Studio album by Sir Mix-a-Lot
- Released: September 1, 1988
- Studio: Lawson, Seattle, Washington
- Genre: Hip-hop; electro-funk;
- Label: Nastymix; Def American;
- Producer: Sir Mix-a-Lot

Sir Mix-a-Lot chronology
|  | Swass (1988) | Seminar (1989) |

Singles from Swass
- "Posse on Broadway" Released: 1988; "Rippn'" Released: 1988; "Iron Man" Released: 1989;

= Swass =

Swass is the debut studio album by the American rapper Sir Mix-a-Lot.
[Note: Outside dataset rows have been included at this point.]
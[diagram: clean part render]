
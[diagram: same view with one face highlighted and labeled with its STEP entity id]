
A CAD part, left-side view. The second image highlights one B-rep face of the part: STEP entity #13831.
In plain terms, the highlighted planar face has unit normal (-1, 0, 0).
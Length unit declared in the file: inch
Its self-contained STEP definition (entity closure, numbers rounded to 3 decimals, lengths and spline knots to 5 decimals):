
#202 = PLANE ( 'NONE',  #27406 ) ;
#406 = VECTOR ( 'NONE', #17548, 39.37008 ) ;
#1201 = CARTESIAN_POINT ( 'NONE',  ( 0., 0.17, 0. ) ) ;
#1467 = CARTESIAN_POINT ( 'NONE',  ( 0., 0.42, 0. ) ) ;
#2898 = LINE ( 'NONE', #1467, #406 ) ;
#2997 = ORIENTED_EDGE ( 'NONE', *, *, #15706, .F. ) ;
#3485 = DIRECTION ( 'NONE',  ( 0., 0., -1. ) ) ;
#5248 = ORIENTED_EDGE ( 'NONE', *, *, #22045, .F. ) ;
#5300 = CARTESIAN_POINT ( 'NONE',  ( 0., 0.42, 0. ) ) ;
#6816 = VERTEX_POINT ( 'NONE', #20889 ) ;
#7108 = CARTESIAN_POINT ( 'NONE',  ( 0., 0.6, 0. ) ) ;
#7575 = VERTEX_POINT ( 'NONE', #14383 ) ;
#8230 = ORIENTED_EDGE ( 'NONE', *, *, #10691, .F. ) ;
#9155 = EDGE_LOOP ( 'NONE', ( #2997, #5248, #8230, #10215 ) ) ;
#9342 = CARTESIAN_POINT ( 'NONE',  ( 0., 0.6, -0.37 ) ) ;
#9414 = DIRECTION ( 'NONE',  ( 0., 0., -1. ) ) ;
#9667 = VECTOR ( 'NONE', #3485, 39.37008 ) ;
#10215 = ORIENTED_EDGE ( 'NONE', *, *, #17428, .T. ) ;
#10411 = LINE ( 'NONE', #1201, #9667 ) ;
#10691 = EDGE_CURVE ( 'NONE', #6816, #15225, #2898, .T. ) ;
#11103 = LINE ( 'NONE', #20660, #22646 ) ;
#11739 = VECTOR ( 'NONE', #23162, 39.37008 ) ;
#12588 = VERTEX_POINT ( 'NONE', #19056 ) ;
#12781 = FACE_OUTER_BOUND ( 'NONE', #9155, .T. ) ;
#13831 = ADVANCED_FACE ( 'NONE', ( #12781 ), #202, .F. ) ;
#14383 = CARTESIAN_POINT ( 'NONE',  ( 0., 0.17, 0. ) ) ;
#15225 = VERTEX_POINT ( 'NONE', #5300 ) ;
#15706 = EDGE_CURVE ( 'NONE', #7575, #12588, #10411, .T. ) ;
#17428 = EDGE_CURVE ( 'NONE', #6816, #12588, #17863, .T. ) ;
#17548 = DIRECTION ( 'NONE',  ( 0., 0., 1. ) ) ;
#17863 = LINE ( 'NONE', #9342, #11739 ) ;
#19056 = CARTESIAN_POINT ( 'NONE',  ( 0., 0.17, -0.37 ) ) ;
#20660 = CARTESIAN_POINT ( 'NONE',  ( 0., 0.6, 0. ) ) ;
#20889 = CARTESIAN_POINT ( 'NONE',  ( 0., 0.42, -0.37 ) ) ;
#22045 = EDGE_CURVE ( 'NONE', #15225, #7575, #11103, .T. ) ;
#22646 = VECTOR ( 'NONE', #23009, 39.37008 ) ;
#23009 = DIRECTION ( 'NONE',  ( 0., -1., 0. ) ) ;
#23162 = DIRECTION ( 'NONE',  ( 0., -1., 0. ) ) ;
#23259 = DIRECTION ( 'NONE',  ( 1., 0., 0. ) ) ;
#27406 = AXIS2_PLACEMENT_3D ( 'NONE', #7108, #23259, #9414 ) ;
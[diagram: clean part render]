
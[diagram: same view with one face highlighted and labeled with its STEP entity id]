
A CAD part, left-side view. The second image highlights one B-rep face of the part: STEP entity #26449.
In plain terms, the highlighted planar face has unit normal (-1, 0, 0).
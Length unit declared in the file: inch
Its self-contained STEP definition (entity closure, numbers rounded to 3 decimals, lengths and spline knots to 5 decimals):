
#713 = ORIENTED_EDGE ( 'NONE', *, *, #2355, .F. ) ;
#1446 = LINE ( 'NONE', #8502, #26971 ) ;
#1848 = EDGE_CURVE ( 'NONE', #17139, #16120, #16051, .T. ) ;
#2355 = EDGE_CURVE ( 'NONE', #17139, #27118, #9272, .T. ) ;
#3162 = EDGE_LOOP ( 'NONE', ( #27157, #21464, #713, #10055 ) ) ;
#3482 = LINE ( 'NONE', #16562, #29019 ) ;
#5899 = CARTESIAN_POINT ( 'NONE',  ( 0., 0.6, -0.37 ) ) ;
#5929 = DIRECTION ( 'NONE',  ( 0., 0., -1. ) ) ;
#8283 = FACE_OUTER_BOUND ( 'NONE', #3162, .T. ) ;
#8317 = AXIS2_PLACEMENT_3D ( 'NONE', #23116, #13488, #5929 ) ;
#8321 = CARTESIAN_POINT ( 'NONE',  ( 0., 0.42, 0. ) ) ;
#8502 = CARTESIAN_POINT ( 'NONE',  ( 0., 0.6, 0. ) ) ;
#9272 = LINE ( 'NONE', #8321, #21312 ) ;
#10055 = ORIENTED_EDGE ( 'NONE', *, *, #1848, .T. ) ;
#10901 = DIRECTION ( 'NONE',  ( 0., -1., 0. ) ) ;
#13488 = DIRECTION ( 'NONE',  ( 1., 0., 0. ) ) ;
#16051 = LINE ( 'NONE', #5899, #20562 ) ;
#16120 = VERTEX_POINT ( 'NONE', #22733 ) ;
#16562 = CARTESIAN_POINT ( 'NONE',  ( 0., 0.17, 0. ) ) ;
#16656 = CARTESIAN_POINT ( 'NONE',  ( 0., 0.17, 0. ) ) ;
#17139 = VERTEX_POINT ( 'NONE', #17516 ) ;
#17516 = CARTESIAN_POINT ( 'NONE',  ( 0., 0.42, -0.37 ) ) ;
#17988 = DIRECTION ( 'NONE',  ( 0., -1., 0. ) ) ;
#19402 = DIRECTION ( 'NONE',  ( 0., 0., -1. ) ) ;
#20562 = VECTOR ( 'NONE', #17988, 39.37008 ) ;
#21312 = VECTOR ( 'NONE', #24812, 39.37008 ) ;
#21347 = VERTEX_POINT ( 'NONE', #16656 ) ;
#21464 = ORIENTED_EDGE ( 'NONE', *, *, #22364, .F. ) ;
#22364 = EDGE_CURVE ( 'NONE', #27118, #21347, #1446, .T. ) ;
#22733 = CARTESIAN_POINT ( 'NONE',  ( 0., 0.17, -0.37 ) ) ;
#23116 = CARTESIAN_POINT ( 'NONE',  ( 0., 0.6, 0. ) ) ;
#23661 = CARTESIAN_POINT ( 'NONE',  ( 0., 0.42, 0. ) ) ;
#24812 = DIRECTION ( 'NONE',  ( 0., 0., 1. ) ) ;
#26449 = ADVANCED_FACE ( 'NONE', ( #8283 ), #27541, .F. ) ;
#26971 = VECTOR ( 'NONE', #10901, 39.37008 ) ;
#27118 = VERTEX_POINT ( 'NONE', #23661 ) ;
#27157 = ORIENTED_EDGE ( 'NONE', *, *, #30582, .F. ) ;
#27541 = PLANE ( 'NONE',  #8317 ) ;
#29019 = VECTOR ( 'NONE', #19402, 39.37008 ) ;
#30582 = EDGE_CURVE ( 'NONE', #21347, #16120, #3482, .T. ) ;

It was released in 1988 on Nastymix and re-released on CD by Def American Recordings. The album featured the singles "Posse on Broadway", "Square Dance Rap", "Iron Man" (a rap metal version of the Black Sabbath song featuring the band Metal Church) and "Rippn'". In 1990, the album received a platinum certification by the Recording Industry Association of America.

According to Sir Mix-a-Lot, the word "swass" originally was an inside joke with no meaning in itself. After the album's release, the word came to mean "Some Wild Ass Silly Shit".

The hook of the song "Swass" is reprised in "Don't Cha" by Busta Rhymes and CeeLo Green, becoming a world hit recorded by the Pussycat Dolls.

Professional ratings
Review scores
| Source | Rating |
| AllMusic | Star |
| RapReviews | 7/10 |
| The Rolling Stone Album Guide | Star Half star |

==Track listing==
The 1988 vinyl and CD issues on Nastymix Records contained the same track listing. The 1991 CD reissue on Def American Records added two bonus tracks, "Attack on the Stars" and "F the BS".

Side A
| No. | Title | Length |
|---|---|---|
| 1. | "Buttermilk Biscuits (Keep On Square Dancin')" | 3:32 |
| 2. | "Posse on Broadway" | 5:01 |
| 3. | "Gold" | 4:59 |
| 4. | "Swass" | 4:38 |
| 5. | "Rippn'" (with Kid Sensation) | 3:54 |
| 6. | "Mall Dropper" | 0:10 |

Side B
| No. | Title | Writer(s) | Length |
|---|---|---|---|
| 7. | "Hip Hop Soldier" |  | 5:35 |
| 8. | "Iron Man" (featuring Metal Church) | Sir Mix-a-Lot, Tony Iommi, Ozzy Osbourne, Geezer Butler, Bill Ward | 4:10 |
| 9. | "Bremelo" |  | 4:10 |
| 10. | "Square Dance Rap" |  | 4:16 |
| 11. | "Romantic Interlude" |  | 4:00 |
| Total length: |  |  | 44:55 |

1991 compact disc
| No. | Title | Length |
|---|---|---|
| 1. | "Buttermilk Biscuits (Keep On Square Dancin')" | 3:32 |
| 2. | "Posse on Broadway" | 5:04 |
| 3. | "Gold" | 4:55 |
| 4. | "Swass" | 3:54 |
| 5. | "Rippn'" (with Kid Sensation) | 3:54 |
| 6. | "Attack on the Stars" | 4:25 |
| 7. | "Mall Dropper" | 0:09 |
| 8. | "Hip Hop Soldier" | 5:21 |
| 9. | "Iron Man" (featuring Metal Church) | 4:14 |
| 10. | "Bremelo" | 4:04 |
| 11. | "Square Dance Rap" | 4:18 |
| 12. | "Romantic Interlude" | 4:36 |
| 13. | "F the BS" | 4:42 |
| Total length: |  | 54:03 |

==Personnel==
- Anthony Ray - performer, producer, engineering, programming
- Ed Locke - executive producer
- Ron McMaster - mastering

==Samples==
"Posse on Broadway"
- "Nightclubbing" by Iggy Pop
"Gold"
- "Dopeman" by N.W.A
"Rippin'"
- "Cars" by Gary Numan
- "Numbers" by Kraftwerk
- "Tour de France" by Kraftwerk
- "Push It" by Salt-N-Pepa
"Square Dance Rap"
- "Rock Me Baby" by B.B. King
"F the BS"
- "Chase" by Giorgio Moroder

==Certifications==

| Region | Certification | Certified units/sales |
| United States (RIAA) | Platinum | 1,000,000^{^} |
^{^} Shipments figures based on certification alone.